LambdaLabsML / examples

Deep Learning Examples
MIT License
805 stars 103 forks source link

can't reproduce and got noise issue #33

Closed jnkr36 closed 1 year ago

jnkr36 commented 1 year ago

TRAIN: I follow the example and use V100 to reproduce, I just change the batch size from 4 to 1 in configs/stable-diffusion/pokemon.yaml python main.py -t --base configs/stable-diffusion/pokemon.yaml --gpus 1 --scale_lr False --num_nodes 1 --check_val_every_n_epoch 10 --finetune_from sd-v1-4-full-ema.ckpt

TEST: After training about 300 epochs, I use scripts/txt2img.py to test: 1、first I use the original checkpoint sd-v1-4-full-ema.ckpt to test and get the below result: python scripts/txt2img.py --prompt 'robotic cat with wings' --outdir '/outputs/generated_pokemon' --H 512 --W 512 --n_samples 4 --config '/configs/stable-diffusion/pokemon.yaml' --ckpt 'sd-v1-4-full-ema.ckpt' image 2、and then I use epoch=000002.ckpt、epoch=000004.ckpt、epoch=000007.ckpt、epoch=000009.ckpt、epoch=0000012.ckpt......to test again, and the result becomes more and more like noise, and at last i only generate all black picture. python scripts/txt2img.py --prompt 'robotic cat with wings' --outdir '/outputs/generated_pokemon' --H 512 --W 512 --n_samples 4 --config '/configs/stable-diffusion/pokemon.yaml' --ckpt 'logs/2022-10-28T12-32-02_pokemon/checkpoints/epoch=000002.ckpt' 1)epoch=000002.ckpt result: image 2)epoch=000004.ckpt result: image 3)epoch=000007.ckpt result: image 4)epoch=000009.ckpt result: image 5)epoch=000012.ckpt result: image 6)epoch=000014.ckpt result: image ...... 7)epoch=000048.ckpt result: image Is there anyone meet the same issue? or could you someone help to solve the problem?
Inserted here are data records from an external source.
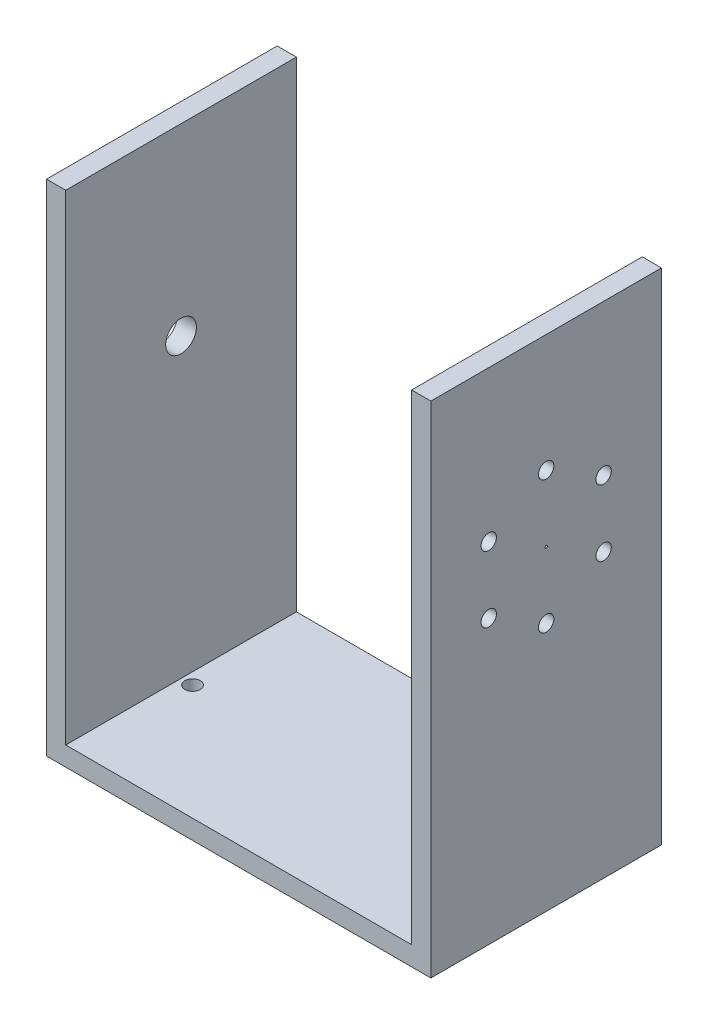
ISO-10303-21;
HEADER;
FILE_DESCRIPTION(('STEP AP214'),'2;1');
FILE_NAME('part.step','',(''),(''),'','','');
FILE_SCHEMA(('AUTOMOTIVE_DESIGN { 1 0 10303 214 1 1 1 1 }'));
ENDSEC;
DATA;
#1=APPLICATION_CONTEXT('core data for automotive mechanical design processes');
#2=APPLICATION_PROTOCOL_DEFINITION('international standard','automotive_design',2000,#1);
#3=PRODUCT_CONTEXT('',#1,'mechanical');
#4=PRODUCT('Part','Part','',(#3));
#5=PRODUCT_RELATED_PRODUCT_CATEGORY('part','',(#4));
#6=PRODUCT_DEFINITION_FORMATION('','',#4);
#7=PRODUCT_DEFINITION_CONTEXT('part definition',#1,'design');
#8=PRODUCT_DEFINITION('design','',#6,#7);
#9=PRODUCT_DEFINITION_SHAPE('','',#8);
#10=(LENGTH_UNIT() NAMED_UNIT(*) SI_UNIT(.MILLI.,.METRE.));
#11=(NAMED_UNIT(*) PLANE_ANGLE_UNIT() SI_UNIT($,.RADIAN.));
#12=(NAMED_UNIT(*) SI_UNIT($,.STERADIAN.) SOLID_ANGLE_UNIT());
#13=UNCERTAINTY_MEASURE_WITH_UNIT(LENGTH_MEASURE(1.E-05),#10,'distance_accuracy_value','');
#14=(GEOMETRIC_REPRESENTATION_CONTEXT(3) GLOBAL_UNCERTAINTY_ASSIGNED_CONTEXT((#13)) GLOBAL_UNIT_ASSIGNED_CONTEXT((#10,
#11,#12)) REPRESENTATION_CONTEXT('',''));
#15=CARTESIAN_POINT('',(0.,0.,0.));
#16=DIRECTION('',(0.,0.,1.));
#17=DIRECTION('',(1.,0.,0.));
#18=AXIS2_PLACEMENT_3D('',#15,#16,#17);
#19=CARTESIAN_POINT('',(-4.99999999999998,-81.8372783894152,60.));
#20=DIRECTION('',(0.,1.,0.));
#21=DIRECTION('',(0.,0.,1.));
#22=AXIS2_PLACEMENT_3D('',#19,#20,#21);
#23=PLANE('',#22);
#24=CARTESIAN_POINT('',(3.00000000000002,-81.8372783894152,30.));
#25=DIRECTION('',(0.,1.,0.));
#26=DIRECTION('',(-1.,0.,0.));
#27=AXIS2_PLACEMENT_3D('',#24,#25,#26);
#28=CIRCLE('',#27,2.);
#29=CARTESIAN_POINT('',(1.00000000000001,-81.8372783894152,30.));
#30=VERTEX_POINT('',#29);
#31=EDGE_CURVE('E139',#30,#30,#28,.T.);
#32=ORIENTED_EDGE('',*,*,#31,.T.);
#33=EDGE_LOOP('',(#32));
#34=FACE_BOUND('',#33,.T.);
#35=CARTESIAN_POINT('',(87.,-81.8372783894152,30.));
#36=DIRECTION('',(0.,1.,0.));
#37=DIRECTION('',(-1.,0.,0.));
#38=AXIS2_PLACEMENT_3D('',#35,#36,#37);
#39=CIRCLE('',#38,2.);
#40=CARTESIAN_POINT('',(85.,-81.8372783894152,30.));
#41=VERTEX_POINT('',#40);
#42=EDGE_CURVE('E183',#41,#41,#39,.T.);
#43=ORIENTED_EDGE('',*,*,#42,.T.);
#44=EDGE_LOOP('',(#43));
#45=FACE_BOUND('',#44,.T.);
#46=DIRECTION('',(1.,0.,0.));
#47=VECTOR('',#46,1.);
#48=CARTESIAN_POINT('',(-4.99999999999998,-81.8372783894152,0.));
#49=LINE('',#48,#47);
#50=CARTESIAN_POINT('',(-4.99999999999998,-81.8372783894152,0.));
#51=VERTEX_POINT('',#50);
#52=CARTESIAN_POINT('',(95.,-81.8372783894152,0.));
#53=VERTEX_POINT('',#52);
#54=EDGE_CURVE('E135',#51,#53,#49,.T.);
#55=ORIENTED_EDGE('',*,*,#54,.T.);
#56=DIRECTION('',(0.,0.,-1.));
#57=VECTOR('',#56,1.);
#58=CARTESIAN_POINT('',(95.,-81.8372783894152,60.));
#59=LINE('',#58,#57);
#60=CARTESIAN_POINT('',(95.,-81.8372783894152,60.));
#61=VERTEX_POINT('',#60);
#62=EDGE_CURVE('E11',#61,#53,#59,.T.);
#63=ORIENTED_EDGE('',*,*,#62,.F.);
#64=DIRECTION('',(1.,0.,0.));
#65=VECTOR('',#64,1.);
#66=CARTESIAN_POINT('',(-4.99999999999998,-81.8372783894152,60.));
#67=LINE('',#66,#65);
#68=CARTESIAN_POINT('',(-4.99999999999998,-81.8372783894152,60.));
#69=VERTEX_POINT('',#68);
#70=EDGE_CURVE('E150',#69,#61,#67,.T.);
#71=ORIENTED_EDGE('',*,*,#70,.F.);
#72=DIRECTION('',(0.,0.,-1.));
#73=VECTOR('',#72,1.);
#74=CARTESIAN_POINT('',(-4.99999999999998,-81.8372783894152,60.));
#75=LINE('',#74,#73);
#76=EDGE_CURVE('E131',#69,#51,#75,.T.);
#77=ORIENTED_EDGE('',*,*,#76,.T.);
#78=EDGE_LOOP('',(#55,#63,#71,#77));
#79=FACE_BOUND('',#78,.T.);
#80=ADVANCED_FACE('F39',(#34,#45,#79),#23,.F.);
#81=CARTESIAN_POINT('',(95.,-81.8372783894152,60.));
#82=DIRECTION('',(-1.,0.,0.));
#83=DIRECTION('',(0.,0.,1.));
#84=AXIS2_PLACEMENT_3D('',#81,#82,#83);
#85=PLANE('',#84);
#86=CARTESIAN_POINT('',(95.,17.5824130230406,30.));
#87=DIRECTION('',(-1.,0.,0.));
#88=DIRECTION('',(0.,0.,1.));
#89=AXIS2_PLACEMENT_3D('',#86,#87,#88);
#90=CIRCLE('',#89,2.);
#91=CARTESIAN_POINT('',(95.,17.5824130230406,32.));
#92=VERTEX_POINT('',#91);
#93=EDGE_CURVE('E187',#92,#92,#90,.T.);
#94=ORIENTED_EDGE('',*,*,#93,.T.);
#95=EDGE_LOOP('',(#94));
#96=FACE_BOUND('',#95,.T.);
#97=CARTESIAN_POINT('',(95.,0.331360805292724,30.0000000000148));
#98=DIRECTION('',(-1.,0.,0.));
#99=DIRECTION('',(0.,0.,1.));
#100=AXIS2_PLACEMENT_3D('',#97,#98,#99);
#101=CIRCLE('',#100,0.323841849644251);
#102=CARTESIAN_POINT('',(95.,0.331360805292724,30.323841849659));
#103=VERTEX_POINT('',#102);
#104=EDGE_CURVE('E197',#103,#103,#101,.T.);
#105=ORIENTED_EDGE('',*,*,#104,.T.);
#106=EDGE_LOOP('',(#105));
#107=FACE_BOUND('',#106,.T.);
#108=CARTESIAN_POINT('',(95.,8.9568869141534,15.0601505374261));
#109=DIRECTION('',(-1.,0.,0.));
#110=DIRECTION('',(0.,0.,1.));
#111=AXIS2_PLACEMENT_3D('',#108,#109,#110);
#112=CIRCLE('',#111,2.00000000000001);
#113=CARTESIAN_POINT('',(95.,8.9568869141534,17.0601505374261));
#114=VERTEX_POINT('',#113);
#115=EDGE_CURVE('E200',#114,#114,#112,.T.);
#116=ORIENTED_EDGE('',*,*,#115,.T.);
#117=EDGE_LOOP('',(#116));
#118=FACE_BOUND('',#117,.T.);
#119=CARTESIAN_POINT('',(95.,-8.29416530359448,15.0601505374414));
#120=DIRECTION('',(-1.,0.,0.));
#121=DIRECTION('',(0.,0.,1.));
#122=AXIS2_PLACEMENT_3D('',#119,#120,#121);
#123=CIRCLE('',#122,2.);
#124=CARTESIAN_POINT('',(95.,-8.29416530359448,17.0601505374414));
#125=VERTEX_POINT('',#124);
#126=EDGE_CURVE('E203',#125,#125,#123,.T.);
#127=ORIENTED_EDGE('',*,*,#126,.T.);
#128=EDGE_LOOP('',(#127));
#129=FACE_BOUND('',#128,.T.);
#130=CARTESIAN_POINT('',(95.,-16.9196914124551,30.0000000000306));
#131=DIRECTION('',(-1.,0.,0.));
#132=DIRECTION('',(0.,0.,1.));
#133=AXIS2_PLACEMENT_3D('',#130,#131,#132);
#134=CIRCLE('',#133,2.);
#135=CARTESIAN_POINT('',(95.,-16.9196914124551,32.0000000000306));
#136=VERTEX_POINT('',#135);
#137=EDGE_CURVE('E206',#136,#136,#134,.T.);
#138=ORIENTED_EDGE('',*,*,#137,.T.);
#139=EDGE_LOOP('',(#138));
#140=FACE_BOUND('',#139,.T.);
#141=CARTESIAN_POINT('',(95.,-8.29416530356785,44.9398494626045));
#142=DIRECTION('',(-1.,0.,0.));
#143=DIRECTION('',(0.,0.,1.));
#144=AXIS2_PLACEMENT_3D('',#141,#142,#143);
#145=CIRCLE('',#144,2.);
#146=CARTESIAN_POINT('',(95.,-8.29416530356785,46.9398494626045));
#147=VERTEX_POINT('',#146);
#148=EDGE_CURVE('E209',#147,#147,#145,.T.);
#149=ORIENTED_EDGE('',*,*,#148,.T.);
#150=EDGE_LOOP('',(#149));
#151=FACE_BOUND('',#150,.T.);
#152=CARTESIAN_POINT('',(95.,8.95688691418002,44.939849462589));
#153=DIRECTION('',(-1.,0.,0.));
#154=DIRECTION('',(0.,0.,1.));
#155=AXIS2_PLACEMENT_3D('',#152,#153,#154);
#156=CIRCLE('',#155,2.);
#157=CARTESIAN_POINT('',(95.,8.95688691418002,46.939849462589));
#158=VERTEX_POINT('',#157);
#159=EDGE_CURVE('E212',#158,#158,#156,.T.);
#160=ORIENTED_EDGE('',*,*,#159,.T.);
#161=EDGE_LOOP('',(#160));
#162=FACE_BOUND('',#161,.T.);
#163=DIRECTION('',(0.,1.,0.));
#164=VECTOR('',#163,1.);
#165=CARTESIAN_POINT('',(95.,-81.8372783894152,0.));
#166=LINE('',#165,#164);
#167=CARTESIAN_POINT('',(95.,48.1627216105848,0.));
#168=VERTEX_POINT('',#167);
#169=EDGE_CURVE('E138',#53,#168,#166,.T.);
#170=ORIENTED_EDGE('',*,*,#169,.T.);
#171=DIRECTION('',(0.,0.,-1.));
#172=VECTOR('',#171,1.);
#173=CARTESIAN_POINT('',(95.,48.1627216105848,60.));
#174=LINE('',#173,#172);
#175=CARTESIAN_POINT('',(95.,48.1627216105848,60.));
#176=VERTEX_POINT('',#175);
#177=EDGE_CURVE('E47',#176,#168,#174,.T.);
#178=ORIENTED_EDGE('',*,*,#177,.F.);
#179=DIRECTION('',(0.,1.,0.));
#180=VECTOR('',#179,1.);
#181=CARTESIAN_POINT('',(95.,-81.8372783894152,60.));
#182=LINE('',#181,#180);
#183=EDGE_CURVE('E98',#61,#176,#182,.T.);
#184=ORIENTED_EDGE('',*,*,#183,.F.);
#185=ORIENTED_EDGE('',*,*,#62,.T.);
#186=EDGE_LOOP('',(#170,#178,#184,#185));
#187=FACE_BOUND('',#186,.T.);
#188=ADVANCED_FACE('F262',(#96,#107,#118,#129,#140,#151,#162,#187),#85,.F.);
#189=CARTESIAN_POINT('',(95.,48.1627216105848,60.));
#190=DIRECTION('',(0.,-1.,0.));
#191=DIRECTION('',(1.,0.,0.));
#192=AXIS2_PLACEMENT_3D('',#189,#190,#191);
#193=PLANE('',#192);
#194=DIRECTION('',(-1.,0.,0.));
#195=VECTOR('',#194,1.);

lk-wq commented 1 year ago

You mentioned you set the batch size from 4 to 1, did you also scale the learning rate down?

jnkr36 commented 1 year ago

You mentioned you set the batch size from 4 to 1, did you also scale the learning rate down?

Thanks so much for your suggestion. I scale base_learning_rate in configs/stable-diffusion/pokemon.yaml from 1.0e-04 to 2.0e-05 and try again, it seems that it can work now. Currently, training process has run to epoch 129, I will run it for more time and hope to get better results 1)epoch=000052.ckpt result: image

2)epoch=000100.ckpt result: image

3)epoch=000129.ckpt result: image

tenghui98 commented 1 year ago

Wow, I also encontered this problem. Thanks!

xuzekai1997 commented 1 year ago

hello, could you share your yaml file.When I run main.py, it always got wrong.But I have no idea of which part is wrong. Thanks a lot.